▶ INSTRUCTIONS TO FOLLOW: Leave the pictures out, and print everything else in the records exactly.

▶ DATASET CONTENT:
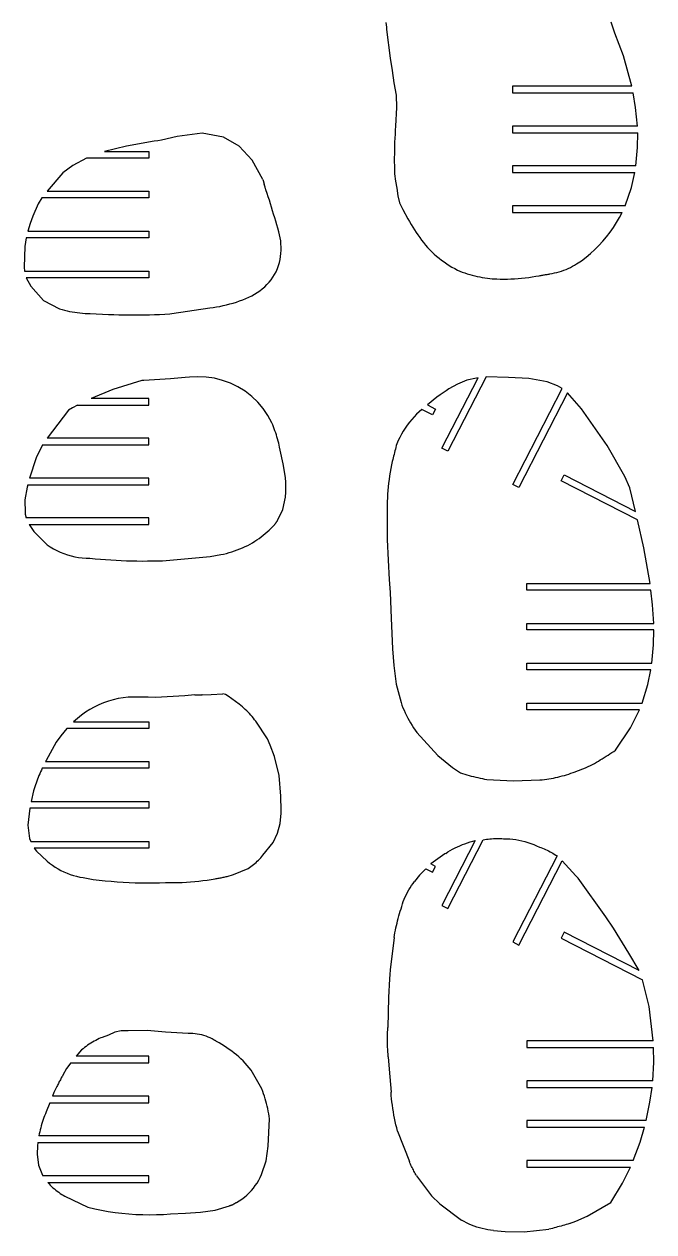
# Model space of a CAD drawing. Extents: x -170 to 170, y -270 to 270.
# Drawn here: x 0.5 to 36, y -68.9 to -0.8 of the extents above; entities that cross this region are included whole.
import ezdxf

# ---------------------------------------------------------------- set-up
doc = ezdxf.new("R2010")
doc.units = 0
doc.header["$MEASUREMENT"] = 0
doc.layers.get('0').update_dxf_attribs({"linetype": 'CONTINUOUS'})

msp = doc.modelspace()

# ---------------------------------------------------------------- linework, layer by layer
for p, q in [((20.923, -0.653), (20.939, -0.789)), ((33.838, -1.267), (33.631, -0.644)), ((20.939, -0.789), (20.955, -0.926)), ((20.955, -0.926), (20.972, -1.062)), ((20.972, -1.062), (21.178, -2.679)), ((34.326, -2.534), (33.838, -1.267)), ((21.178, -2.679), (21.275, -3.368)), ((34.802, -4.26), (34.326, -2.534)), ((21.275, -3.368), (21.386, -4.072)), ((21.386, -4.072), (21.503, -4.766)), ((21.503, -4.766), (21.531, -5.468)), ((28.061, -4.26), (28.061, -4.635)), ((34.802, -4.26), (28.061, -4.26)), ((28.061, -4.635), (34.878, -4.635)), ((35.011, -5.456), (34.878, -4.635)), ((21.531, -5.468), (21.474, -6.517)), ((35.11, -6.51), (35.011, -5.456)), ((21.458, -6.74), (21.444, -6.963)), ((21.474, -6.517), (21.458, -6.74)), ((28.061, -6.51), (28.061, -6.885)), ((35.11, -6.51), (28.061, -6.51)), ((7.854, -7.356), (6.294, -7.644)), ((8.07, -7.333), (7.854, -7.356)), ((8.285, -7.303), (8.07, -7.333)), ((9.163, -7.095), (8.285, -7.303)), ((10.566, -6.914), (9.163, -7.095)), ((11.775, -7.137), (10.566, -6.914)), ((12.65, -7.643), (11.775, -7.137)), ((21.423, -7.409), (21.415, -7.632)), ((21.433, -7.186), (21.423, -7.409)), ((21.444, -6.963), (21.433, -7.186)), ((28.061, -6.885), (35.126, -6.885)), ((35.119, -7.716), (35.126, -6.885)), ((6.294, -7.644), (5.068, -7.94)), ((5.068, -7.94), (7.561, -7.94)), ((7.561, -7.94), (7.561, -8.315)), ((13.387, -8.438), (12.65, -7.643)), ((21.406, -8.079), (21.405, -8.302)), ((21.41, -7.856), (21.406, -8.079)), ((21.415, -7.632), (21.41, -7.856)), ((35.025, -8.76), (35.119, -7.716)), ((3.278, -8.731), (2.714, -9.151)), ((4.046, -8.315), (3.278, -8.731)), ((7.561, -8.315), (4.046, -8.315)), ((13.984, -9.525), (13.387, -8.438)), ((21.405, -8.302), (21.405, -8.526)), ((21.405, -8.526), (21.408, -8.749)), ((21.408, -8.749), (21.413, -8.972)), ((35.025, -8.76), (28.061, -8.76)), ((28.061, -8.76), (28.061, -9.135)), ((2.714, -9.151), (1.834, -10.19)), ((13.984, -9.525), (14.004, -9.588)), ((21.413, -8.972), (21.42, -9.195)), ((21.42, -9.195), (21.472, -9.614)), ((28.061, -9.135), (34.965, -9.135)), ((34.775, -9.978), (34.965, -9.135)), ((1.834, -10.19), (7.561, -10.19)), ((7.561, -10.19), (7.561, -10.565)), ((14.004, -9.588), (14.061, -9.778)), ((14.07, -9.806), (14.061, -9.778)), ((14.079, -9.833), (14.07, -9.806)), ((14.088, -9.861), (14.079, -9.833)), ((14.097, -9.889), (14.088, -9.861)), ((14.106, -9.917), (14.097, -9.889)), ((14.114, -9.945), (14.106, -9.917)), ((14.123, -9.972), (14.114, -9.945)), ((14.131, -10), (14.123, -9.972)), ((14.14, -10.028), (14.131, -10)), ((14.148, -10.056), (14.14, -10.028)), ((14.157, -10.084), (14.148, -10.056)), ((14.165, -10.112), (14.157, -10.084)), ((14.23, -10.307), (14.165, -10.112)), ((21.472, -9.614), (21.539, -10.02)), ((21.539, -10.02), (21.597, -10.44)), ((34.416, -11.01), (34.775, -9.978)), ((1.328, -10.887), (1.021, -11.584)), ((1.532, -10.565), (1.328, -10.887)), ((7.561, -10.565), (1.532, -10.565)), ((14.294, -10.502), (14.23, -10.307)), ((14.357, -10.698), (14.294, -10.502)), ((14.419, -10.894), (14.357, -10.698)), ((14.48, -11.09), (14.419, -10.894)), ((21.597, -10.44), (21.699, -10.844)), ((21.699, -10.844), (21.876, -11.217)), ((1.021, -11.584), (0.864, -12.003)), ((14.541, -11.286), (14.48, -11.09)), ((14.601, -11.483), (14.541, -11.286)), ((14.66, -11.679), (14.601, -11.483)), ((21.876, -11.217), (22.166, -11.747)), ((28.061, -11.01), (28.061, -11.385)), ((34.416, -11.01), (28.061, -11.01)), ((28.061, -11.385), (34.246, -11.385)), ((34.097, -11.676), (34.246, -11.385)), ((0.864, -12.003), (0.736, -12.44)), ((14.719, -11.876), (14.66, -11.679)), ((14.777, -12.074), (14.719, -11.876)), ((14.834, -12.271), (14.777, -12.074)), ((22.166, -11.747), (22.255, -11.902)), ((22.255, -11.902), (22.345, -12.056)), ((22.345, -12.056), (22.439, -12.207)), ((22.439, -12.207), (22.535, -12.358)), ((33.573, -12.503), (33.76, -12.235)), ((33.76, -12.235), (33.935, -11.959)), ((33.935, -11.959), (34.097, -11.676)), ((0.642, -12.815), (0.6, -13.055)), ((7.561, -12.815), (0.642, -12.815)), ((0.736, -12.44), (7.561, -12.44)), ((7.561, -12.44), (7.561, -12.815)), ((14.89, -12.469), (14.834, -12.271)), ((14.934, -12.639), (14.89, -12.469)), ((14.97, -12.812), (14.934, -12.639)), ((14.996, -12.987), (14.97, -12.812)), ((22.535, -12.358), (22.634, -12.506)), ((22.634, -12.506), (22.735, -12.653)), ((22.735, -12.653), (22.839, -12.798)), ((22.839, -12.798), (22.945, -12.941)), ((22.945, -12.941), (23.053, -13.083)), ((33.163, -13.012), (33.374, -12.762)), ((33.374, -12.762), (33.573, -12.503)), ((0.565, -13.299), (0.533, -14.471)), ((0.6, -13.055), (0.565, -13.299)), ((15.013, -13.163), (14.996, -12.987)), ((15.009, -13.691), (15.02, -13.515)), ((15.021, -13.339), (15.013, -13.163)), ((15.02, -13.515), (15.021, -13.339)), ((23.053, -13.083), (23.164, -13.223)), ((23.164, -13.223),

▶ ANSWER BELOW:
# Model space of a CAD drawing. Extents: x -170 to 170, y -270 to 270.
# Drawn here: x 0.5 to 36, y -68.9 to -0.8 of the extents above; entities that cross this region are included whole.
import ezdxf

# ---------------------------------------------------------------- set-up
doc = ezdxf.new("R2010")
doc.units = 0
doc.header["$MEASUREMENT"] = 0
doc.layers.get('0').update_dxf_attribs({"linetype": 'CONTINUOUS'})

msp = doc.modelspace()

# ---------------------------------------------------------------- linework, layer by layer
for p, q in [((20.923, -0.653), (20.939, -0.789)), ((33.838, -1.267), (33.631, -0.644)), ((20.939, -0.789), (20.955, -0.926)), ((20.955, -0.926), (20.972, -1.062)), ((20.972, -1.062), (21.178, -2.679)), ((34.326, -2.534), (33.838, -1.267)), ((21.178, -2.679), (21.275, -3.368)), ((34.802, -4.26), (34.326, -2.534)), ((21.275, -3.368), (21.386, -4.072)), ((21.386, -4.072), (21.503, -4.766)), ((21.503, -4.766), (21.531, -5.468)), ((28.061, -4.26), (28.061, -4.635)), ((34.802, -4.26), (28.061, -4.26)), ((28.061, -4.635), (34.878, -4.635)), ((35.011, -5.456), (34.878, -4.635)), ((21.531, -5.468), (21.474, -6.517)), ((35.11, -6.51), (35.011, -5.456)), ((21.458, -6.74), (21.444, -6.963)), ((21.474, -6.517), (21.458, -6.74)), ((28.061, -6.51), (28.061, -6.885)), ((35.11, -6.51), (28.061, -6.51)), ((7.854, -7.356), (6.294, -7.644)), ((8.07, -7.333), (7.854, -7.356)), ((8.285, -7.303), (8.07, -7.333)), ((9.163, -7.095), (8.285, -7.303)), ((10.566, -6.914), (9.163, -7.095)), ((11.775, -7.137), (10.566, -6.914)), ((12.65, -7.643), (11.775, -7.137)), ((21.423, -7.409), (21.415, -7.632)), ((21.433, -7.186), (21.423, -7.409)), ((21.444, -6.963), (21.433, -7.186)), ((28.061, -6.885), (35.126, -6.885)), ((35.119, -7.716), (35.126, -6.885)), ((6.294, -7.644), (5.068, -7.94)), ((5.068, -7.94), (7.561, -7.94)), ((7.561, -7.94), (7.561, -8.315)), ((13.387, -8.438), (12.65, -7.643)), ((21.406, -8.079), (21.405, -8.302)), ((21.41, -7.856), (21.406, -8.079)), ((21.415, -7.632), (21.41, -7.856)), ((35.025, -8.76), (35.119, -7.716)), ((3.278, -8.731), (2.714, -9.151)), ((4.046, -8.315), (3.278, -8.731)), ((7.561, -8.315), (4.046, -8.315)), ((13.984, -9.525), (13.387, -8.438)), ((21.405, -8.302), (21.405, -8.526)), ((21.405, -8.526), (21.408, -8.749)), ((21.408, -8.749), (21.413, -8.972)), ((35.025, -8.76), (28.061, -8.76)), ((28.061, -8.76), (28.061, -9.135)), ((2.714, -9.151), (1.834, -10.19)), ((13.984, -9.525), (14.004, -9.588)), ((21.413, -8.972), (21.42, -9.195)), ((21.42, -9.195), (21.472, -9.614)), ((28.061, -9.135), (34.965, -9.135)), ((34.775, -9.978), (34.965, -9.135)), ((1.834, -10.19), (7.561, -10.19)), ((7.561, -10.19), (7.561, -10.565)), ((14.004, -9.588), (14.061, -9.778)), ((14.07, -9.806), (14.061, -9.778)), ((14.079, -9.833), (14.07, -9.806)), ((14.088, -9.861), (14.079, -9.833)), ((14.097, -9.889), (14.088, -9.861)), ((14.106, -9.917), (14.097, -9.889)), ((14.114, -9.945), (14.106, -9.917)), ((14.123, -9.972), (14.114, -9.945)), ((14.131, -10), (14.123, -9.972)), ((14.14, -10.028), (14.131, -10)), ((14.148, -10.056), (14.14, -10.028)), ((14.157, -10.084), (14.148, -10.056)), ((14.165, -10.112), (14.157, -10.084)), ((14.23, -10.307), (14.165, -10.112)), ((21.472, -9.614), (21.539, -10.02)), ((21.539, -10.02), (21.597, -10.44)), ((34.416, -11.01), (34.775, -9.978)), ((1.328, -10.887), (1.021, -11.584)), ((1.532, -10.565), (1.328, -10.887)), ((7.561, -10.565), (1.532, -10.565)), ((14.294, -10.502), (14.23, -10.307)), ((14.357, -10.698), (14.294, -10.502)), ((14.419, -10.894), (14.357, -10.698)), ((14.48, -11.09), (14.419, -10.894)), ((21.597, -10.44), (21.699, -10.844)), ((21.699, -10.844), (21.876, -11.217)), ((1.021, -11.584), (0.864, -12.003)), ((14.541, -11.286), (14.48, -11.09)), ((14.601, -11.483), (14.541, -11.286)), ((14.66, -11.679), (14.601, -11.483)), ((21.876, -11.217), (22.166, -11.747)), ((28.061, -11.01), (28.061, -11.385)), ((34.416, -11.01), (28.061, -11.01)), ((28.061, -11.385), (34.246, -11.385)), ((34.097, -11.676), (34.246, -11.385)), ((0.864, -12.003), (0.736, -12.44)), ((14.719, -11.876), (14.66, -11.679)), ((14.777, -12.074), (14.719, -11.876)), ((14.834, -12.271), (14.777, -12.074)), ((22.166, -11.747), (22.255, -11.902)), ((22.255, -11.902), (22.345, -12.056)), ((22.345, -12.056), (22.439, -12.207)), ((22.439, -12.207), (22.535, -12.358)), ((33.573, -12.503), (33.76, -12.235)), ((33.76, -12.235), (33.935, -11.959)), ((33.935, -11.959), (34.097, -11.676)), ((0.642, -12.815), (0.6, -13.055)), ((7.561, -12.815), (0.642, -12.815)), ((0.736, -12.44), (7.561, -12.44)), ((7.561, -12.44), (7.561, -12.815)), ((14.89, -12.469), (14.834, -12.271)), ((14.934, -12.639), (14.89, -12.469)), ((14.97, -12.812), (14.934, -12.639)), ((14.996, -12.987), (14.97, -12.812)), ((22.535, -12.358), (22.634, -12.506)), ((22.634, -12.506), (22.735, -12.653)), ((22.735, -12.653), (22.839, -12.798)), ((22.839, -12.798), (22.945, -12.941)), ((22.945, -12.941), (23.053, -13.083)), ((33.163, -13.012), (33.374, -12.762)), ((33.374, -12.762), (33.573, -12.503)), ((0.565, -13.299), (0.533, -14.471)), ((0.6, -13.055), (0.565, -13.299)), ((15.013, -13.163), (14.996, -12.987)), ((15.009, -13.691), (15.02, -13.515)), ((15.021, -13.339), (15.013, -13.163)), ((15.02, -13.515), (15.021, -13.339)), ((23.053, -13.083), (23.164, -13.223)), ((23.164, -13.223),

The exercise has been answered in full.